Dans le cadre d'un co-rapport destiné à la Commission de la science, de l'éducation et de la culture (CSEC), la Commission de la politique de sécurité du Conseil des États (CPS-E) a entendu les responsables de la Confédération et des cantons afin de s'informer sur les questions de sécurité liées à l'organisation de l'EURO 08 ainsi que sur les coûts y afférents. La commission a manifesté un certain malaise concernant les modalités de répartition des coûts entre les pouvoirs publics et le secteur privé (notamment les fédérations impliquées dans cette manifestation). Elle s'est en outre étonnée de ce que les coûts liés à la sécurité soient quasiment de vingt fois supérieurs à ceux prévus dans le premier message du Conseil fédéral datant de 2002. Ces réserves ne l'ont pas empêchée de reconnaître l'importance que revêtent les questions de sécurité dans le cadre de l'organisation d'événements de cette ampleur - afin que le plaisir du sport reste la priorité le moment venu. En conséquence, elle a approuvé la demande du Conseil fédéral (message complémentaire du 9 novembre 2005 concernant les contributions et les prestations de la Confédération pour le championnat d'Europe de football 2008) pour ce qui est du sous-projet « Sécurité ». En l'état actuel de la situation, la commission estime, d'une part, que les mesures et les normes de sécurité prévues se justifient et, d'autre part, que les coûts qu'elles impliquent sont inévitables.

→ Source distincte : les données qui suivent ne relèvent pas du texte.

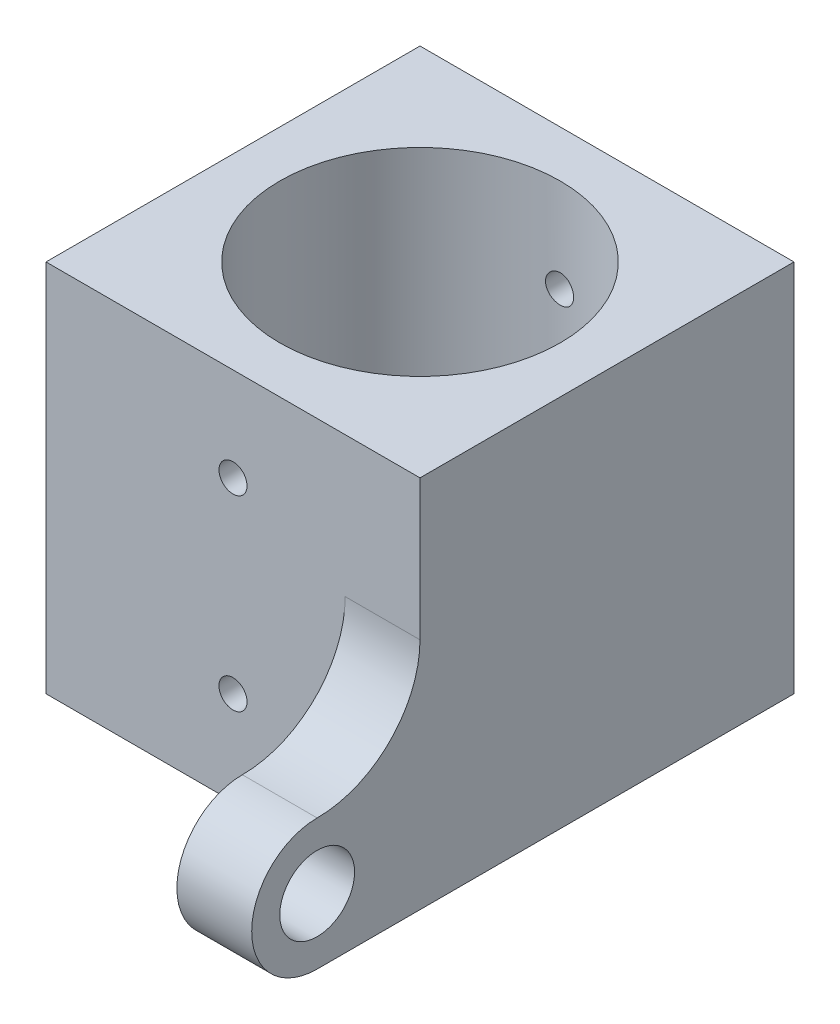
ISO-10303-21;
HEADER;
FILE_DESCRIPTION(('STEP AP214'),'2;1');
FILE_NAME('part.step','',(''),(''),'','','');
FILE_SCHEMA(('AUTOMOTIVE_DESIGN { 1 0 10303 214 1 1 1 1 }'));
ENDSEC;
DATA;
#1=APPLICATION_CONTEXT('core data for automotive mechanical design processes');
#2=APPLICATION_PROTOCOL_DEFINITION('international standard','automotive_design',2000,#1);
#3=PRODUCT_CONTEXT('',#1,'mechanical');
#4=PRODUCT('Part','Part','',(#3));
#5=PRODUCT_RELATED_PRODUCT_CATEGORY('part','',(#4));
#6=PRODUCT_DEFINITION_FORMATION('','',#4);
#7=PRODUCT_DEFINITION_CONTEXT('part definition',#1,'design');
#8=PRODUCT_DEFINITION('design','',#6,#7);
#9=PRODUCT_DEFINITION_SHAPE('','',#8);
#10=(LENGTH_UNIT() NAMED_UNIT(*) SI_UNIT(.MILLI.,.METRE.));
#11=(NAMED_UNIT(*) PLANE_ANGLE_UNIT() SI_UNIT($,.RADIAN.));
#12=(NAMED_UNIT(*) SI_UNIT($,.STERADIAN.) SOLID_ANGLE_UNIT());
#13=UNCERTAINTY_MEASURE_WITH_UNIT(LENGTH_MEASURE(1.E-05),#10,'distance_accuracy_value','');
#14=(GEOMETRIC_REPRESENTATION_CONTEXT(3) GLOBAL_UNCERTAINTY_ASSIGNED_CONTEXT((#13)) GLOBAL_UNIT_ASSIGNED_CONTEXT((#10,
#11,#12)) REPRESENTATION_CONTEXT('',''));
#15=CARTESIAN_POINT('',(0.,0.,0.));
#16=DIRECTION('',(0.,0.,1.));
#17=DIRECTION('',(1.,0.,0.));
#18=AXIS2_PLACEMENT_3D('',#15,#16,#17);
#19=CARTESIAN_POINT('',(0.,40.,0.));
#20=DIRECTION('',(0.,1.,0.));
#21=DIRECTION('',(0.,0.,1.));
#22=AXIS2_PLACEMENT_3D('',#19,#20,#21);
#23=PLANE('',#22);
#24=DIRECTION('',(0.,0.,-1.));
#25=VECTOR('',#24,1.);
#26=CARTESIAN_POINT('',(20.,40.,-20.));
#27=LINE('',#26,#25);
#28=CARTESIAN_POINT('',(20.,40.,20.));
#29=VERTEX_POINT('',#28);
#30=CARTESIAN_POINT('',(20.,40.,-20.));
#31=VERTEX_POINT('',#30);
#32=EDGE_CURVE('E207',#29,#31,#27,.T.);
#33=ORIENTED_EDGE('',*,*,#32,.T.);
#34=DIRECTION('',(-1.,0.,0.));
#35=VECTOR('',#34,1.);
#36=CARTESIAN_POINT('',(-20.,40.,-20.));
#37=LINE('',#36,#35);
#38=CARTESIAN_POINT('',(-20.,40.,-20.));
#39=VERTEX_POINT('',#38);
#40=EDGE_CURVE('E211',#31,#39,#37,.T.);
#41=ORIENTED_EDGE('',*,*,#40,.T.);
#42=DIRECTION('',(0.,0.,1.));
#43=VECTOR('',#42,1.);
#44=CARTESIAN_POINT('',(-20.,40.,-20.));
#45=LINE('',#44,#43);
#46=CARTESIAN_POINT('',(-20.,40.,20.));
#47=VERTEX_POINT('',#46);
#48=EDGE_CURVE('E215',#39,#47,#45,.T.);
#49=ORIENTED_EDGE('',*,*,#48,.T.);
#50=DIRECTION('',(1.,0.,0.));
#51=VECTOR('',#50,1.);
#52=CARTESIAN_POINT('',(-20.,40.,20.));
#53=LINE('',#52,#51);
#54=EDGE_CURVE('E218',#47,#29,#53,.T.);
#55=ORIENTED_EDGE('',*,*,#54,.T.);
#56=EDGE_LOOP('',(#33,#41,#49,#55));
#57=FACE_BOUND('',#56,.T.);
#58=CARTESIAN_POINT('',(0.,40.,0.));
#59=DIRECTION('',(0.,1.,0.));
#60=DIRECTION('',(0.,0.,1.));
#61=AXIS2_PLACEMENT_3D('',#58,#59,#60);
#62=CIRCLE('',#61,15.);
#63=CARTESIAN_POINT('',(0.,40.,15.));
#64=VERTEX_POINT('',#63);
#65=EDGE_CURVE('E199',#64,#64,#62,.T.);
#66=ORIENTED_EDGE('',*,*,#65,.F.);
#67=EDGE_LOOP('',(#66));
#68=FACE_BOUND('',#67,.T.);
#69=ADVANCED_FACE('F39',(#57,#68),#23,.T.);
#70=CARTESIAN_POINT('',(0.,0.,0.));
#71=DIRECTION('',(0.,1.,0.));
#72=DIRECTION('',(0.,0.,1.));
#73=AXIS2_PLACEMENT_3D('',#70,#71,#72);
#74=PLANE('',#73);
#75=DIRECTION('',(0.,0.,-1.));
#76=VECTOR('',#75,1.);
#77=CARTESIAN_POINT('',(20.,0.,-20.));
#78=LINE('',#77,#76);
#79=CARTESIAN_POINT('',(20.,0.,31.));
#80=VERTEX_POINT('',#79);
#81=CARTESIAN_POINT('',(20.,0.,-20.));
#82=VERTEX_POINT('',#81);
#83=EDGE_CURVE('E203',#80,#82,#78,.T.);
#84=ORIENTED_EDGE('',*,*,#83,.F.);
#85=DIRECTION('',(1.,0.,0.));
#86=VECTOR('',#85,1.);
#87=CARTESIAN_POINT('',(12.,0.,31.));
#88=LINE('',#87,#86);
#89=CARTESIAN_POINT('',(12.,0.,31.));
#90=VERTEX_POINT('',#89);
#91=EDGE_CURVE('E108',#90,#80,#88,.T.);
#92=ORIENTED_EDGE('',*,*,#91,.F.);
#93=DIRECTION('',(0.,0.,-1.));
#94=VECTOR('',#93,1.);
#95=CARTESIAN_POINT('',(12.,0.,20.));
#96=LINE('',#95,#94);
#97=CARTESIAN_POINT('',(12.,0.,20.));
#98=VERTEX_POINT('',#97);
#99=EDGE_CURVE('E109',#90,#98,#96,.T.);
#100=ORIENTED_EDGE('',*,*,#99,.T.);
#101=DIRECTION('',(1.,0.,0.));
#102=VECTOR('',#101,1.);
#103=CARTESIAN_POINT('',(-20.,0.,20.));
#104=LINE('',#103,#102);
#105=CARTESIAN_POINT('',(-20.,0.,20.));
#106=VERTEX_POINT('',#105);
#107=EDGE_CURVE('E212',#106,#98,#104,.T.);
#108=ORIENTED_EDGE('',*,*,#107,.F.);
#109=DIRECTION('',(0.,0.,1.));
#110=VECTOR('',#109,1.);
#111=CARTESIAN_POINT('',(-20.,0.,-20.));
#112=LINE('',#111,#110);
#113=CARTESIAN_POINT('',(-20.,0.,-20.));
#114=VERTEX_POINT('',#113);
#115=EDGE_CURVE('E228',#114,#106,#112,.T.);
#116=ORIENTED_EDGE('',*,*,#115,.F.);
#117=DIRECTION('',(-1.,0.,0.));
#118=VECTOR('',#117,1.);
#119=CARTESIAN_POINT('',(-20.,0.,-20.));
#120=LINE('',#119,#118);
#121=EDGE_CURVE('E225',#82,#114,#120,.T.);
#122=ORIENTED_EDGE('',*,*,#121,.F.);
#123=EDGE_LOOP('',(#84,#92,#100,#108,#116,#122));
#124=FACE_BOUND('',#123,.T.);
#125=CARTESIAN_POINT('',(0.,0.,0.));
#126=DIRECTION('',(0.,1.,0.));
#127=DIRECTION('',(0.,0.,1.));
#128=AXIS2_PLACEMENT_3D('',#125,#126,#127);
#129=CIRCLE('',#128,15.);
#130=CARTESIAN_POINT('',(0.,0.,15.));
#131=VERTEX_POINT('',#130);
#132=EDGE_CURVE('E137',#131,#131,#129,.T.);
#133=ORIENTED_EDGE('',*,*,#132,.T.);
#134=EDGE_LOOP('',(#133));
#135=FACE_BOUND('',#134,.T.);
#136=ADVANCED_FACE('F250',(#124,#135),#74,.F.);
#137=CARTESIAN_POINT('',(20.,40.,-20.));
#138=DIRECTION('',(-1.,0.,0.));
#139=DIRECTION('',(0.,0.,1.));
#140=AXIS2_PLACEMENT_3D('',#137,#138,#139);
#141=PLANE('',#140);
#142=ORIENTED_EDGE('',*,*,#83,.T.);
#143=DIRECTION('',(0.,-1.,0.));
#144=VECTOR('',#143,1.);
#145=CARTESIAN_POINT('',(20.,40.,-20.));
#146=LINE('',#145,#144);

Dans un autre domaine, la CPS-E recommande à son conseil par 7 voix contre 5, et 1 abstention, de rejeter la motion Haller 04.3220, intitulée « Repêchage et élimination des munitions déposées au fond des lacs suisses » et déjà adoptée à la dernière session d'hiver par le Conseil national. Tout comme l'auteur de la motion, la commission est attachée à garantir la sécurité de l'homme et de l'environnement. Toutefois, au vu des enquêtes passées, en cours et à venir, la majorité de la commission estime que le Conseil fédéral tient déjà suffisamment compte de l'objectif de la motion. De son point de vue, ces munitions ne représentent pas de menace pour l'homme et l'environnement en l'état des connaissances. Vouloir repêcher ces munitions, déposées au fond des lacs suisses à l'issue de la Seconde Guerre mondiale principalement, constituerait un énorme défi technique : une telle entreprise serait extrêmement coûteuse et, au demeurant, dangereuse. La majorité de la commission attend cependant du Conseil fédéral qu'il continue à suivre attentivement la situation. Une minorité de la commission emmenée par le conseiller aux États Pierre-Alain Gentil recommande au contraire d'adopter la motion.
La CPS-E a par ailleurs procédé à l'examen du projet d'ordonnance concernant l'engagement de la troupe pour la protection de personnes et de biens à l'étranger (OPPBE) et n'a formulé aucune réserve en la matière. L'idée de former une partie de la troupe pour des engagements spéciaux avait déjà été approuvée par le Parlement dans le cadre de la réforme Armée XXI. Le projet que le Conseil fédéral a soumis à la commission pour consultation règle les modalités des éventuels engagements à l'étranger. La commission s'est notamment assurée que l'ordre d'engager la troupe ne viole en aucune manière le droit international public (consentement de l'État concerné et/ou mandat de l'ONU ou de l'OSCE).
Enfin, la commission a débattu de manière approfondie dans le cadre d'un séminaire thématique de questions fondamentales portant sur l'évolution de l'armée suisse. Le chef du DDPS a notamment présenté « l'étape de développement 2008-2011 », la montée en puissance et le plan directeur pour le « développement des forces armées et de l'entreprise ».
La commission s'est réunie le 14 février 2006, à Berne, sous la présidence du conseiller aux États Hermann Bürgi (UDC/TG) et en présence du conseiller fédéral Samuel Schmid, chef du DDPS.